• _Task instructions_: From the data below, copy exactly the lines that lie between the one holding "Line((-88.9, 0), (-88.9, -142.875))" and the one holding "Circle(SKETCH6_R)", including both, and nothing more.

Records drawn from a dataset

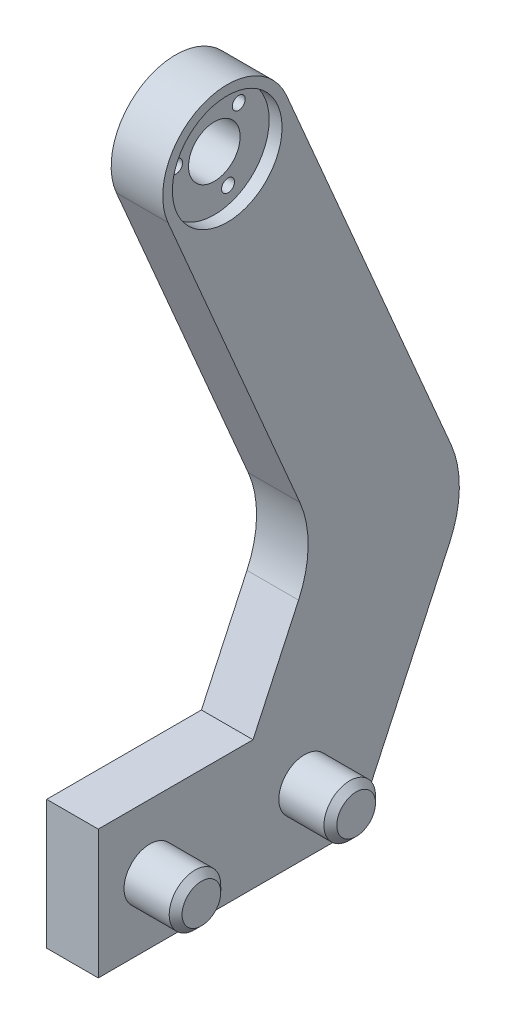
from build123d import *

# Parameters (mm, degrees)
BOSS_EXTRUDE1_DEPTH      = 88.9
CUT_EXTRUDE2_DEPTH       = 241.232341963
CUT_EXTRUDE2_DEPTH_BACK  = 241.232341963
SKETCH3_R                = 28.575
CUT_EXTRUDE5_DEPTH       = 28.575
CUT_EXTRUDE6_DEPTH       = 243.134084755
CUT_EXTRUDE6_DEPTH_BACK  = 243.134084755
SKETCH4_R                = 12.7
CUT_EXTRUDE7_DEPTH       = 261.369359036
CUT_EXTRUDE7_DEPTH_BACK  = 261.369359036
CUT_EXTRUDE8_DEPTH       = 261.369359036
CUT_EXTRUDE8_DEPTH_BACK  = 12.7
SKETCH6_R                = 9.525
SKETCH7_R                = 6.35
CUT_EXTRUDE9_DEPTH       = 12.7
SKETCH12_R               = 13.5
CUT_EXTRUDE13_DEPTH      = 3.175
CUT_EXTRUDE14_DEPTH      = 253.187753717
CUT_EXTRUDE14_DEPTH_BACK = 253.187753717
SKETCH14_R               = 1.5875
CUT_EXTRUDE15_DEPTH      = 261.369359036
CUT_EXTRUDE15_DEPTH_BACK = 261.369359036
SKETCH15_W               = 158.75
SKETCH15_H               = 174.625
SKETCH16_R               = 6.35
BOSS_EXTRUDE2_DEPTH      = 12.7
CHAMFER1_SIZE            = 1.5875


with BuildPart() as part:
    # Sketch1 → Boss-Extrude1 (new body)
    with BuildSketch(Plane.XY):
        Polygon((0, 0), (0, -174.625), (171.45, -174.625), (171.45, 0), (158.75, 0), (158.75, -142.875), (12.7, -142.875), (12.7, 0), align=None)
    extrude(amount=BOSS_EXTRUDE1_DEPTH)

    # Sketch2 → Cut-Extrude2 (cut, two sides: drawn at the far end of the back side and taken through both)
    with BuildSketch(Plane(origin=(0, -142.875, 0), x_dir=(1, 0, 0), z_dir=(0, 1, 0)).offset(-CUT_EXTRUDE2_DEPTH_BACK)):
        Polygon((158.75, 0), (12.7, 0), (12.7, -25.4), (85.724999876, -25.4), (158.75, -25.4), align=None)
    extrude(amount=CUT_EXTRUDE2_DEPTH + CUT_EXTRUDE2_DEPTH_BACK, mode=Mode.SUBTRACT)

    # Sketch3 → Cut-Extrude5 (cut)
    with BuildSketch(Plane.XZ.offset(174.625)):
        with Locations((85.725, 57.15)):
            Circle(SKETCH3_R)
    extrude(amount=-CUT_EXTRUDE5_DEPTH, mode=Mode.SUBTRACT)

    # Sketch4 → Cut-Extrude6 (cut, two sides: drawn at the far end of the back side and taken through both)
    with BuildSketch(Plane.XZ.offset(146.05).offset(-CUT_EXTRUDE6_DEPTH_BACK)):
        with Locations((85.725, 57.15)):
            Circle(SKETCH4_R)
    extrude(amount=CUT_EXTRUDE6_DEPTH + CUT_EXTRUDE6_DEPTH_BACK, mode=Mode.SUBTRACT)

    # Sketch5 → Cut-Extrude7 (cut, two sides: drawn at the far end of the back side and taken through both)
    with BuildSketch(Plane(origin=(171.45, 0, 0), x_dir=(0, 0, -1), z_dir=(1, 0, 0)).offset(-CUT_EXTRUDE7_DEPTH_BACK)):
        with BuildLine():
            Line((0, -174.625), (0, -114.3))
            ThreePointArc((0, -114.3), (-0.597344099, -119.776153781), (-2.361280333, -124.994736842))
            Line((-2.361280333, -124.994736842), (-25.4, -174.625))
            Line((-25.4, -174.625), (0, -174.625))
        make_face()
        with BuildLine():
            Line((-39.269490456, -98.025866748), (-71.745289975, -22.119448379))
            ThreePointArc((-71.745289975, -22.119448379), (-70.400400796, -7.131859618), (-57.149999966, 0))
            Line((-57.149999966, 0), (-88.9, 0))
            Line((-88.9, 0), (-88.9, -142.875))
            Line((-88.9, -142.875), (-50.8, -142.875))
            Line((-50.8, -142.875), (-39.583234749, -118.711720996))
            ThreePointArc((-39.583234749, -118.711720996), (-37.224875429, -108.402184034), (-39.269490456, -98.025866748))
        make_face()
        with BuildLine():
            Line((0, 0), (-57.149999966, 0))
            ThreePointArc((-57.149999966, 0), (-48.406859618, -2.624599204), (-42.554710025, -9.630551621))
            Line((-42.554710025, -9.630551621), (-2.047536041, -104.308882594))
            ThreePointArc((-2.047536041, -104.308882594), (-0.51714863, -109.200616928), (0, -114.3))
            Line((0, -114.3), (0, 0))
        make_face()
    extrude(amount=CUT_EXTRUDE7_DEPTH + CUT_EXTRUDE7_DEPTH_BACK, mode=Mode.SUBTRACT)

    # Sketch6 → Cut-Extrude8 (cut, two sides: drawn at the far end of the back side and taken through both)
    with BuildSketch(Plane(origin=(171.45, 0, 0), x_dir=(0, 0, -1), z_dir=(1, 0, 0)).offset(-CUT_EXTRUDE8_DEPTH_BACK)):
        with Locations(Location((-57.15, -15.875, 0), (0, 0, 90))):
            Circle(SKETCH6_R)
    extrude(amount=CUT_EXTRUDE8_DEPTH + CUT_EXTRUDE8_DEPTH_BACK, mode=Mode.SUBTRACT)

    # Sketch7 → Cut-Extrude9 (cut)
    with BuildSketch(Plane(origin=(12.7, 0, 0), x_dir=(0, 0, -1), z_dir=(1, 0, 0))):
        with Locations((-57.15, -15.875)):
            Circle(SKETCH7_R)
    extrude(amount=-CUT_EXTRUDE9_DEPTH, mode=Mode.SUBTRACT)

    # Sketch12 → Cut-Extrude13 (cut)
    with BuildSketch(Plane(origin=(12.7, 0, 0), x_dir=(0, 0, -1), z_dir=(1, 0, 0))):
        with Locations((-57.15, -15.875)):
            Circle(SKETCH12_R)
    extrude(amount=-CUT_EXTRUDE13_DEPTH, mode=Mode.SUBTRACT)

    # Sketch14 → Cut-Extrude14 (cut, two sides: drawn at the far end of the back side and taken through both)
    with BuildSketch(Plane(origin=(12.7, 0, 0), x_dir=(0, 0, -1), z_dir=(1, 0, 0)).offset(-CUT_EXTRUDE14_DEPTH_BACK)):
        with Locations((-53.770765225, -24.780413934)):
            Circle(SKETCH14_R)
        with Locations((-66.551932086, -14.348796194)):
            Circle(SKETCH14_R)
        with Locations((-51.12730269, -8.495789872)):
            Circle(SKETCH14_R)
    extrude(amount=CUT_EXTRUDE14_DEPTH + CUT_EXTRUDE14_DEPTH_BACK, mode=Mode.SUBTRACT)

    # Sketch15 → Cut-Extrude15 (cut, two sides: drawn at the far end of the back side and taken through both)
    with BuildSketch(Plane.XY.offset(88.9).offset(-CUT_EXTRUDE15_DEPTH_BACK)):
        with Locations((92.075, -87.3125)):
            Rectangle(SKETCH15_W, SKETCH15_H)
    extrude(amount=CUT_EXTRUDE15_DEPTH + CUT_EXTRUDE15_DEPTH_BACK, mode=Mode.SUBTRACT)

    # Sketch16 → Boss-Extrude2 (add)
    with BuildSketch(Plane(origin=(12.7, 0, 0), x_dir=(0, 0, -1), z_dir=(1, 0, 0))):
        with Locations(Location((-76.2, -158.75, 0), (0, 0, 180))):
            Circle(SKETCH16_R)
        with Locations(Location((-38.1, -158.75, 0), (0, 0, 180))):
            Circle(SKETCH16_R)
    extrude(amount=BOSS_EXTRUDE2_DEPTH)

    # Chamfer1
    chamfer1_edges = [part.edges().sort_by_distance(p)[0] for p in [
        (25.4, -158.75, 69.85),
        (25.4, -158.75, 31.75),
    ]]
    chamfer(chamfer1_edges, length=CHAMFER1_SIZE)


solid = part.part
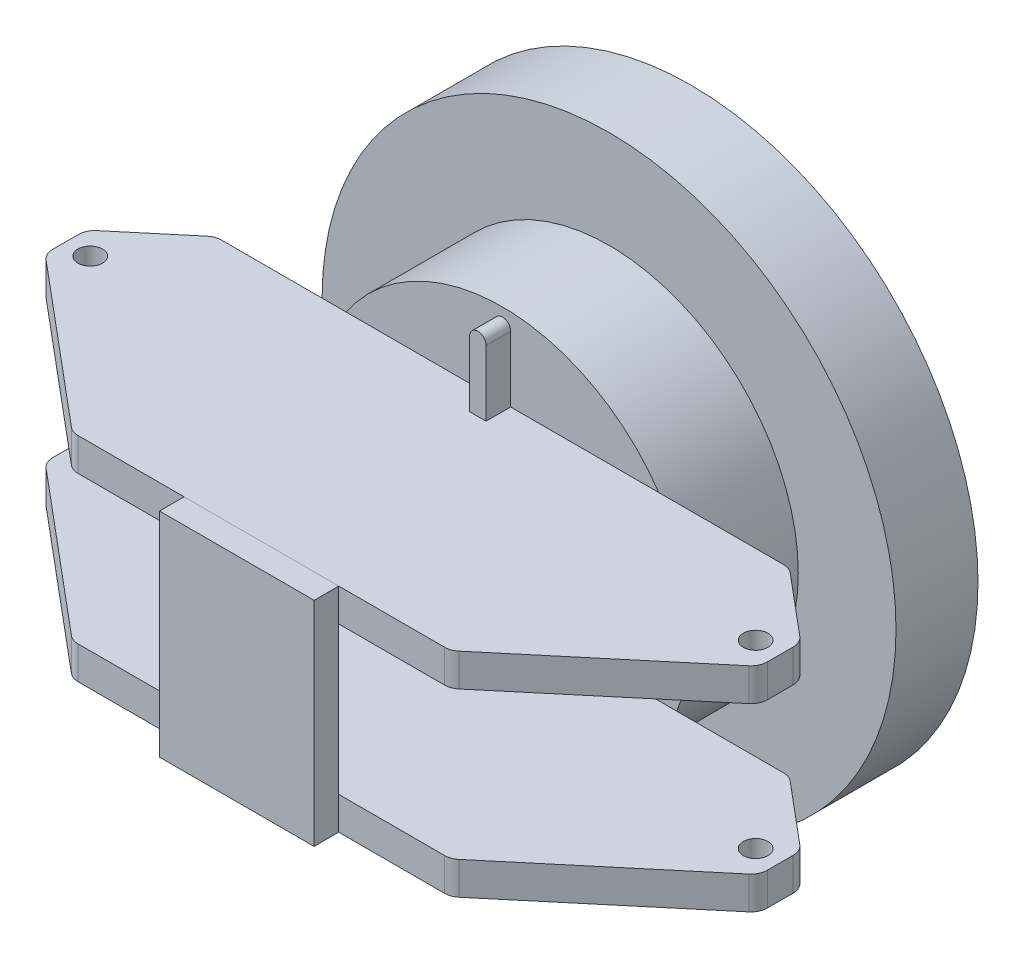
from build123d import *

# Parameters (mm, degrees)
SKETCH1_R                   = 35
BOSS_EXTRUDE1_DEPTH         = 10
SKETCH2_R                   = 23.08
BOSS_EXTRUDE2_DEPTH         = 13
BOSS_EXTRUDE3_DEPTH         = 4
FILLET1_R                   = 2
SKETCH5_R                   = 1.5
CUT_EXTRUDE1_DEPTH          = 4
MIRROR2_COPY_1_SKETCH_R     = 1.5
MIRROR2_COPY_1_DEPTH        = 4
FILLET1_OF_MIRROR2_R        = 2
SKETCH6_W                   = 2
SKETCH6_H                   = 9
BOSS_EXTRUDE4_DEPTH         = 3
FILLET2_RADIUS              = 1
FILLET2_LENGTH              = 3
FILLET2_OF_MIRROR3_2_RADIUS = 1
FILLET2_OF_MIRROR3_2_LENGTH = 3
SKETCH7_W                   = 18.86
SKETCH7_H                   = 26
BOSS_EXTRUDE5_DEPTH         = 3
SKETCH8_R                   = 10
CUT_EXTRUDE2_DEPTH          = 10


with BuildPart() as part:
    # Sketch1 → Boss-Extrude1 (new body)
    with BuildSketch(Plane.XY):
        Circle(SKETCH1_R)
    extrude(amount=BOSS_EXTRUDE1_DEPTH)

    # Sketch2 → Boss-Extrude2 (add)
    with BuildSketch(Plane.XY.offset(10)):
        with Locations(Location((0, 0, 0), (0, 0, 180))):
            Circle(SKETCH2_R)
    extrude(amount=BOSS_EXTRUDE2_DEPTH)

    # Sketch4 → Boss-Extrude3 (add)
    with BuildSketch(Plane(origin=(0, 13, 0), x_dir=(1, 0, 0), z_dir=(0, 1, 0))):
        Polygon((35, -23), (-35, -23), (-43.579697763, -30.199221228), (-43.579697763, -35.199221228), (-23.08, -52.400510061), (23.08, -52.400510061), (43.579697763, -35.199221228), (43.579697763, -30.199221228), align=None)
    boss_extrude3 = extrude(amount=-BOSS_EXTRUDE3_DEPTH)

    # Fillet1
    fillet1_edges = [part.edges().sort_by_distance(p)[0] for p in [
        (-43.579697763, 11, 30.199221228),
        (-35, 11, 23),
        (35, 11, 23),
        (43.579697763, 11, 30.199221228),
        (43.579697763, 11, 35.199221228),
        (23.08, 11, 52.400510061),
        (-23.08, 11, 52.400510061),
        (-43.579697763, 11, 35.199221228),
    ]]
    fillet(fillet1_edges, radius=FILLET1_R)

    # Sketch5 → Cut-Extrude1 (cut)
    with BuildSketch(Plane(origin=(0, 13, 0), x_dir=(1, 0, 0), z_dir=(0, 1, 0))):
        with Locations(Location((-40.579697763, -32.699221228, 0), (0, 0, 270))):
            Circle(SKETCH5_R)
    cut_extrude1 = extrude(amount=-CUT_EXTRUDE1_DEPTH, mode=Mode.SUBTRACT)

    # Mirror1: Cut-Extrude1 across plane
    add(cut_extrude1.mirror(Plane(origin=(0, 0, 0), x_dir=(0, 0, 1), z_dir=(1, 0, 0))), mode=Mode.SUBTRACT)

    # Mirror2: Boss-Extrude3, Cut-Extrude1 across plane
    add(boss_extrude3.mirror(Plane.ZX))
    add(cut_extrude1.mirror(Plane.ZX), mode=Mode.SUBTRACT)

    # Mirror2 copy 1 sketch → Mirror2 copy 1 (cut)
    with BuildSketch(Plane(origin=(0, -13, 0), x_dir=(-1, 0, 0), z_dir=(0, -1, 0))):
        with Locations(Location((-40.579697763, -32.699221228, 0), (0, 0, 270))):
            Circle(MIRROR2_COPY_1_SKETCH_R)
    extrude(amount=-MIRROR2_COPY_1_DEPTH, mode=Mode.SUBTRACT)

    # Fillet1 of Mirror2
    fillet1_of_mirror2_edges = [part.edges().sort_by_distance(p)[0] for p in [
        (-43.579697763, -11, 30.199221228),
        (-35, -11, 23),
        (35, -11, 23),
        (43.579697763, -11, 30.199221228),
        (43.579697763, -11, 35.199221228),
        (23.08, -11, 52.400510061),
        (-23.08, -11, 52.400510061),
        (-43.579697763, -11, 35.199221228),
    ]]
    fillet(fillet1_of_mirror2_edges, radius=FILLET1_OF_MIRROR2_R)

    # Sketch6 → Boss-Extrude4 (add)
    with BuildSketch(Plane.XY.offset(23)):
        with Locations((0, 17.5)):
            Rectangle(SKETCH6_W, SKETCH6_H)
    boss_extrude4 = extrude(amount=BOSS_EXTRUDE4_DEPTH)

    # Fillet2: full round fillet: the end face becomes a half cylinder, R = half its width
    fillet2_face = Plane((0, 22, 24.5), x_dir=(0, 0, -1), z_dir=(0, 1, 0))  # on the end face: x along it, z out of the body
    fillet2_slab = fillet2_face.offset(-FILLET2_RADIUS / 2) * Box(FILLET2_LENGTH, 2 * FILLET2_RADIUS, FILLET2_RADIUS, mode=Mode.PRIVATE)  # the body's end, R deep
    fillet2_round = Plane((0, 21, 24.5), x_dir=(0, 1, 0), z_dir=(0, 0, -1)) * Cylinder(FILLET2_RADIUS, FILLET2_LENGTH, mode=Mode.PRIVATE)  # its axis R under the face
    add(fillet2_slab - fillet2_round, mode=Mode.SUBTRACT)

    # Mirror3: Boss-Extrude4 across plane
    add(boss_extrude4.mirror(Plane.ZX))

    # Fillet2 of Mirror3 2: full round fillet: the end face becomes a half cylinder, R = half its width
    fillet2_of_mirror3_2_face = Plane((0, -22, 24.5), x_dir=(0, 0, -1), z_dir=(0, -1, 0))  # on the end face: x along it, z out of the body
    fillet2_of_mirror3_2_slab = fillet2_of_mirror3_2_face.offset(-FILLET2_OF_MIRROR3_2_RADIUS / 2) * Box(FILLET2_OF_MIRROR3_2_LENGTH, 2 * FILLET2_OF_MIRROR3_2_RADIUS, FILLET2_OF_MIRROR3_2_RADIUS, mode=Mode.PRIVATE)  # the body's end, R deep
    fillet2_of_mirror3_2_round = Plane((0, -21, 24.5), x_dir=(0, -1, 0), z_dir=(0, 0, -1)) * Cylinder(FILLET2_OF_MIRROR3_2_RADIUS, FILLET2_OF_MIRROR3_2_LENGTH, mode=Mode.PRIVATE)  # its axis R under the face
    add(fillet2_of_mirror3_2_slab - fillet2_of_mirror3_2_round, mode=Mode.SUBTRACT)

    # Sketch8 → Cut-Extrude2 (cut)
    with BuildSketch(Plane(origin=(0, 0, 0), x_dir=(-1, 0, 0), z_dir=(0, 0, -1))):
        Circle(SKETCH8_R)
    extrude(amount=-CUT_EXTRUDE2_DEPTH, mode=Mode.SUBTRACT)


with BuildPart() as body_2:
    # Sketch7 → Boss-Extrude5 (new body)
    with BuildSketch(Plane.XY.offset(52.400510061)):
        Rectangle(SKETCH7_W, SKETCH7_H)
    extrude(amount=BOSS_EXTRUDE5_DEPTH)


solid = Compound([part.part, body_2.part])
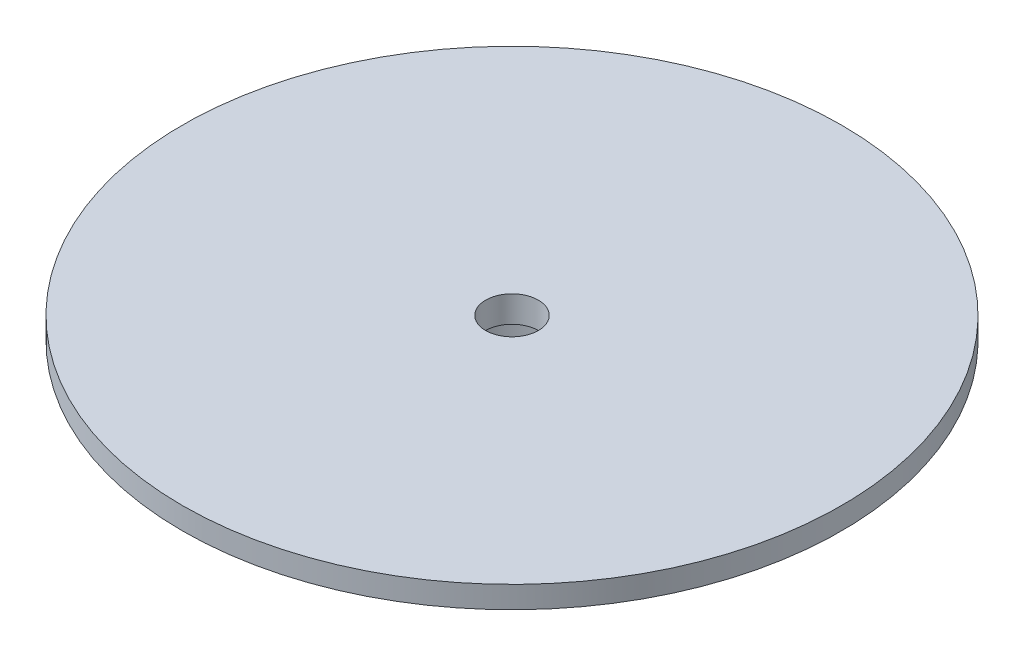
from build123d import *

# Parameters (mm, degrees)
ESQUISSE1_R             = 41
ESQUISSE1_R_2           = 6
BOSS_EXTRU_1_DEPTH      = 10
ESQUISSE2_R             = 17.5
ENL_V_MAT_EXTRU_1_DEPTH = 4
BOSS_EXTRU_2_START      = -5
ESQUISSE3_R             = 75
ESQUISSE3_R_2           = 6
BOSS_EXTRU_2_DEPTH      = 5
BOSS_EXTRU_3_START      = 6.83
ESQUISSE4_R             = 25
ESQUISSE4_R_2           = 17.5
BOSS_EXTRU_3_DEPTH      = 6.83


with BuildPart() as part:
    # Esquisse1 → Boss.-Extru.1 (new body)
    with BuildSketch(Plane(origin=(0, 0, 0), x_dir=(1, 0, 0), z_dir=(0, 1, 0))):
        with Locations(Location((0, 0, 0), (0, 0, 270))):
            Circle(ESQUISSE1_R)
        with Locations(Location((0, 0, 0), (0, 0, 270))):
            Circle(ESQUISSE1_R_2, mode=Mode.SUBTRACT)
    extrude(amount=BOSS_EXTRU_1_DEPTH)

    # Esquisse2 → Enlèv. mat.-Extru.1 (cut)
    with BuildSketch(Plane.XZ):
        with Locations(Location((0, 0, 0), (0, 0, 270))):
            Circle(ESQUISSE2_R)
    extrude(amount=-ENL_V_MAT_EXTRU_1_DEPTH, mode=Mode.SUBTRACT)

    # Esquisse3 → Boss.-Extru.2 (add)
    with BuildSketch(Plane(origin=(0, 10, 0), x_dir=(1, 0, 0), z_dir=(0, 1, 0)).offset(BOSS_EXTRU_2_START)):
        with Locations(Location((0, 0, 0), (0, 0, 270))):
            Circle(ESQUISSE3_R)
        with Locations(Location((0, 0, 0), (0, 0, 90))):
            Circle(ESQUISSE3_R_2, mode=Mode.SUBTRACT)
    extrude(amount=BOSS_EXTRU_2_DEPTH)

    # Esquisse4 → Boss.-Extru.3 (add)
    with BuildSketch(Plane.XZ.offset(BOSS_EXTRU_3_START)):
        with Locations(Location((0, 0, 0), (0, 0, 90))):
            Circle(ESQUISSE4_R)
        with Locations(Location((0, 0, 0), (0, 0, 270))):
            Circle(ESQUISSE4_R_2, mode=Mode.SUBTRACT)
    extrude(amount=-BOSS_EXTRU_3_DEPTH)


solid = part.part

• _Task answer_:
            Line((-88.9, 0), (-88.9, -142.875))
            Line((-88.9, -142.875), (-50.8, -142.875))
            Line((-50.8, -142.875), (-39.583234749, -118.711720996))
            ThreePointArc((-39.583234749, -118.711720996), (-37.224875429, -108.402184034), (-39.269490456, -98.025866748))
        make_face()
        with BuildLine():
            Line((0, 0), (-57.149999966, 0))
            ThreePointArc((-57.149999966, 0), (-48.406859618, -2.624599204), (-42.554710025, -9.630551621))
            Line((-42.554710025, -9.630551621), (-2.047536041, -104.308882594))
            ThreePointArc((-2.047536041, -104.308882594), (-0.51714863, -109.200616928), (0, -114.3))
            Line((0, -114.3), (0, 0))
        make_face()
    extrude(amount=CUT_EXTRUDE7_DEPTH + CUT_EXTRUDE7_DEPTH_BACK, mode=Mode.SUBTRACT)

    # Sketch6 → Cut-Extrude8 (cut, two sides: drawn at the far end of the back side and taken through both)
    with BuildSketch(Plane(origin=(171.45, 0, 0), x_dir=(0, 0, -1), z_dir=(1, 0, 0)).offset(-CUT_EXTRUDE8_DEPTH_BACK)):
        with Locations(Location((-57.15, -15.875, 0), (0, 0, 90))):
            Circle(SKETCH6_R)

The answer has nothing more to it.